### Data entries
----------

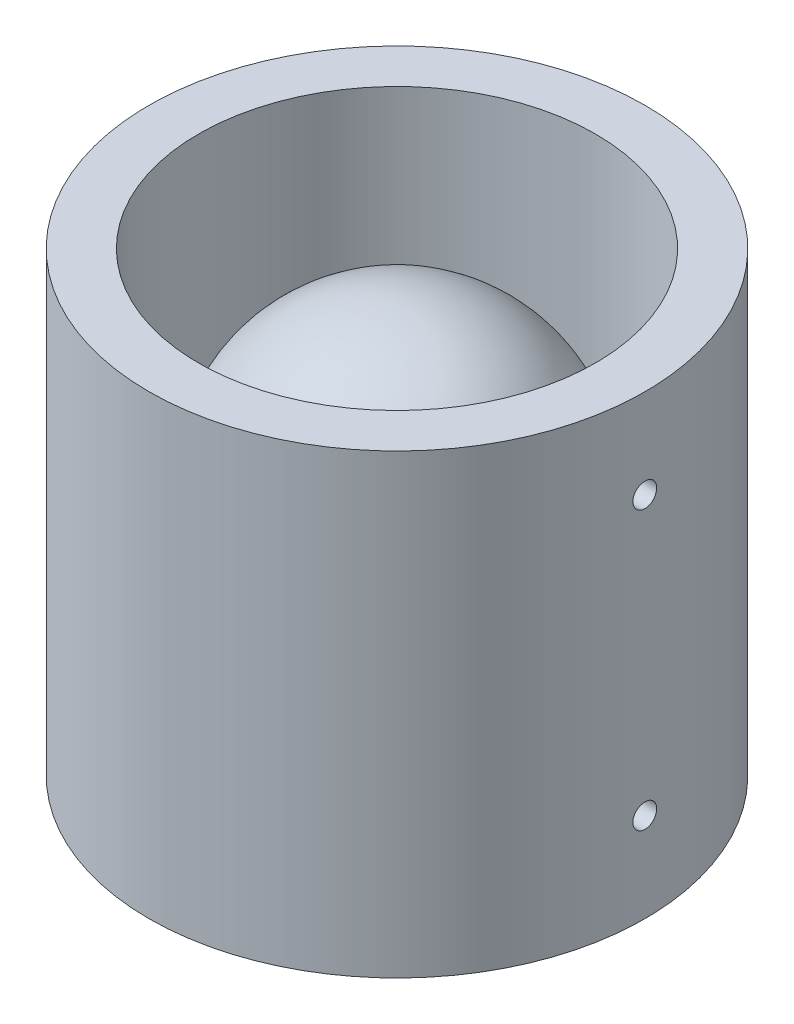
ISO-10303-21;
HEADER;
FILE_DESCRIPTION(('STEP AP214'),'2;1');
FILE_NAME('part.step','',(''),(''),'','','');
FILE_SCHEMA(('AUTOMOTIVE_DESIGN { 1 0 10303 214 1 1 1 1 }'));
ENDSEC;
DATA;
#1=APPLICATION_CONTEXT('core data for automotive mechanical design processes');
#2=APPLICATION_PROTOCOL_DEFINITION('international standard','automotive_design',2000,#1);
#3=PRODUCT_CONTEXT('',#1,'mechanical');
#4=PRODUCT('Part','Part','',(#3));
#5=PRODUCT_RELATED_PRODUCT_CATEGORY('part','',(#4));
#6=PRODUCT_DEFINITION_FORMATION('','',#4);
#7=PRODUCT_DEFINITION_CONTEXT('part definition',#1,'design');
#8=PRODUCT_DEFINITION('design','',#6,#7);
#9=PRODUCT_DEFINITION_SHAPE('','',#8);
#10=(LENGTH_UNIT() NAMED_UNIT(*) SI_UNIT(.MILLI.,.METRE.));
#11=(NAMED_UNIT(*) PLANE_ANGLE_UNIT() SI_UNIT($,.RADIAN.));
#12=(NAMED_UNIT(*) SI_UNIT($,.STERADIAN.) SOLID_ANGLE_UNIT());
#13=UNCERTAINTY_MEASURE_WITH_UNIT(LENGTH_MEASURE(1.E-05),#10,'distance_accuracy_value','');
#14=(GEOMETRIC_REPRESENTATION_CONTEXT(3) GLOBAL_UNCERTAINTY_ASSIGNED_CONTEXT((#13)) GLOBAL_UNIT_ASSIGNED_CONTEXT((#10,
#11,#12)) REPRESENTATION_CONTEXT('',''));
#15=CARTESIAN_POINT('',(0.,0.,0.));
#16=DIRECTION('',(0.,0.,1.));
#17=DIRECTION('',(1.,0.,0.));
#18=AXIS2_PLACEMENT_3D('',#15,#16,#17);
#19=CARTESIAN_POINT('',(0.,12.0756756756757,0.));
#20=DIRECTION('',(0.,-1.,0.));
#21=DIRECTION('',(1.,0.,0.));
#22=AXIS2_PLACEMENT_3D('',#19,#20,#21);
#23=SPHERICAL_SURFACE('',#22,6.82432432432432);
#24=CARTESIAN_POINT('',(0.,11.5,0.));
#25=DIRECTION('',(0.,-1.,0.));
#26=DIRECTION('',(0.,0.,-1.));
#27=AXIS2_PLACEMENT_3D('',#24,#25,#26);
#28=CIRCLE('',#27,6.8);
#29=CARTESIAN_POINT('',(0.,11.5,-6.8));
#30=VERTEX_POINT('',#29);
#31=EDGE_CURVE('E10',#30,#30,#28,.T.);
#32=ORIENTED_EDGE('',*,*,#31,.T.);
#33=EDGE_LOOP('',(#32));
#34=FACE_BOUND('',#33,.T.);
#35=ADVANCED_FACE('F37',(#34),#23,.F.);
#36=CARTESIAN_POINT('',(0.,11.5,0.));
#37=DIRECTION('',(0.,1.,0.));
#38=DIRECTION('',(0.,0.,1.));
#39=AXIS2_PLACEMENT_3D('',#36,#37,#38);
#40=PLANE('',#39);
#41=ORIENTED_EDGE('',*,*,#31,.F.);
#42=EDGE_LOOP('',(#41));
#43=FACE_BOUND('',#42,.T.);
#44=CARTESIAN_POINT('',(0.,11.5,0.));
#45=DIRECTION('',(0.,-1.,0.));
#46=DIRECTION('',(0.,0.,-1.));
#47=AXIS2_PLACEMENT_3D('',#44,#45,#46);
#48=CIRCLE('',#47,9.99999999999999);
#49=CARTESIAN_POINT('',(0.,11.5,-9.99999999999999));
#50=VERTEX_POINT('',#49);
#51=EDGE_CURVE('E43',#50,#50,#48,.T.);
#52=ORIENTED_EDGE('',*,*,#51,.T.);
#53=EDGE_LOOP('',(#52));
#54=FACE_BOUND('',#53,.T.);
#55=ADVANCED_FACE('F128',(#43,#54),#40,.F.);
#56=CARTESIAN_POINT('',(0.,0.,0.));
#57=DIRECTION('',(0.,-1.,0.));
#58=DIRECTION('',(0.,0.,-1.));
#59=AXIS2_PLACEMENT_3D('',#56,#57,#58);
#60=CYLINDRICAL_SURFACE('',#59,9.99999999999999);
#61=CARTESIAN_POINT('',(9.98198377077422,4.5,-0.6));
#62=CARTESIAN_POINT('',(9.98198401201266,4.46633029699841,-0.599998517471414));
#63=CARTESIAN_POINT('',(9.98215595678526,4.43263695259193,-0.597156354895668));
#64=CARTESIAN_POINT('',(9.98282524653582,4.36618043051532,-0.585859096831607));
#65=CARTESIAN_POINT('',(9.9833229712693,4.33341838500508,-0.577397450649356));
#66=CARTESIAN_POINT('',(9.98458724111525,4.26979672371531,-0.555104977990247));
#67=CARTESIAN_POINT('',(9.98535364536831,4.2389361210232,-0.541276964509292));
#68=CARTESIAN_POINT('',(9.98706873955508,4.17998219709892,-0.508648784748044));
#69=CARTESIAN_POINT('',(9.98801738745489,4.1518882400046,-0.489849764638794));
#70=CARTESIAN_POINT('',(9.98999157888623,4.09921773322034,-0.447784352817085));
#71=CARTESIAN_POINT('',(9.99101721555019,4.07464555177201,-0.42451249550801));
#72=CARTESIAN_POINT('',(9.99302894926315,4.02975346763584,-0.374173227142782));
#73=CARTESIAN_POINT('',(9.99401504466929,4.00943374148068,-0.347105658592687));
#74=CARTESIAN_POINT('',(9.99583736833412,3.97361026358255,-0.289919070083357));
#75=CARTESIAN_POINT('',(9.99667348547989,3.95811007626022,-0.25979781341439));
#76=CARTESIAN_POINT('',(9.99810066684227,3.93238850322372,-0.197374580626783));
#77=CARTESIAN_POINT('',(9.99869173351435,3.92216706461498,-0.165072626363023));
#78=CARTESIAN_POINT('',(9.9995615743073,3.90730512175699,-0.0992465731113257));
#79=CARTESIAN_POINT('',(9.99984072723837,3.90265784734145,-0.0657240077489312));
#80=CARTESIAN_POINT('',(10.0000565601673,3.89905524762713,0.00162647869639034));
#81=CARTESIAN_POINT('',(9.99999324377188,3.90009986238483,0.0354543965597856));
#82=CARTESIAN_POINT('',(9.99953158937064,3.90784579641701,0.102409483640516));
#83=CARTESIAN_POINT('',(9.99913368274436,3.91453983206318,0.135537498876275));
#84=CARTESIAN_POINT('',(9.99804814710845,3.93338328853479,0.200198802329734));
#85=CARTESIAN_POINT('',(9.9973605164938,3.94553273958228,0.231732081711798));
#86=CARTESIAN_POINT('',(9.99577222039045,3.97495040858791,0.292332195931485));
#87=CARTESIAN_POINT('',(9.99487141744278,3.99222193121584,0.321397422804533));
#88=CARTESIAN_POINT('',(9.99295816926915,4.03139106207923,0.376218813487536));
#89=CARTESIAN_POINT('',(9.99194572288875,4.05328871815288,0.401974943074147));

----------

### Exercise instructions
For the word "DIRECTION", count the lines of the data that contain it and give only the count.

### Result
12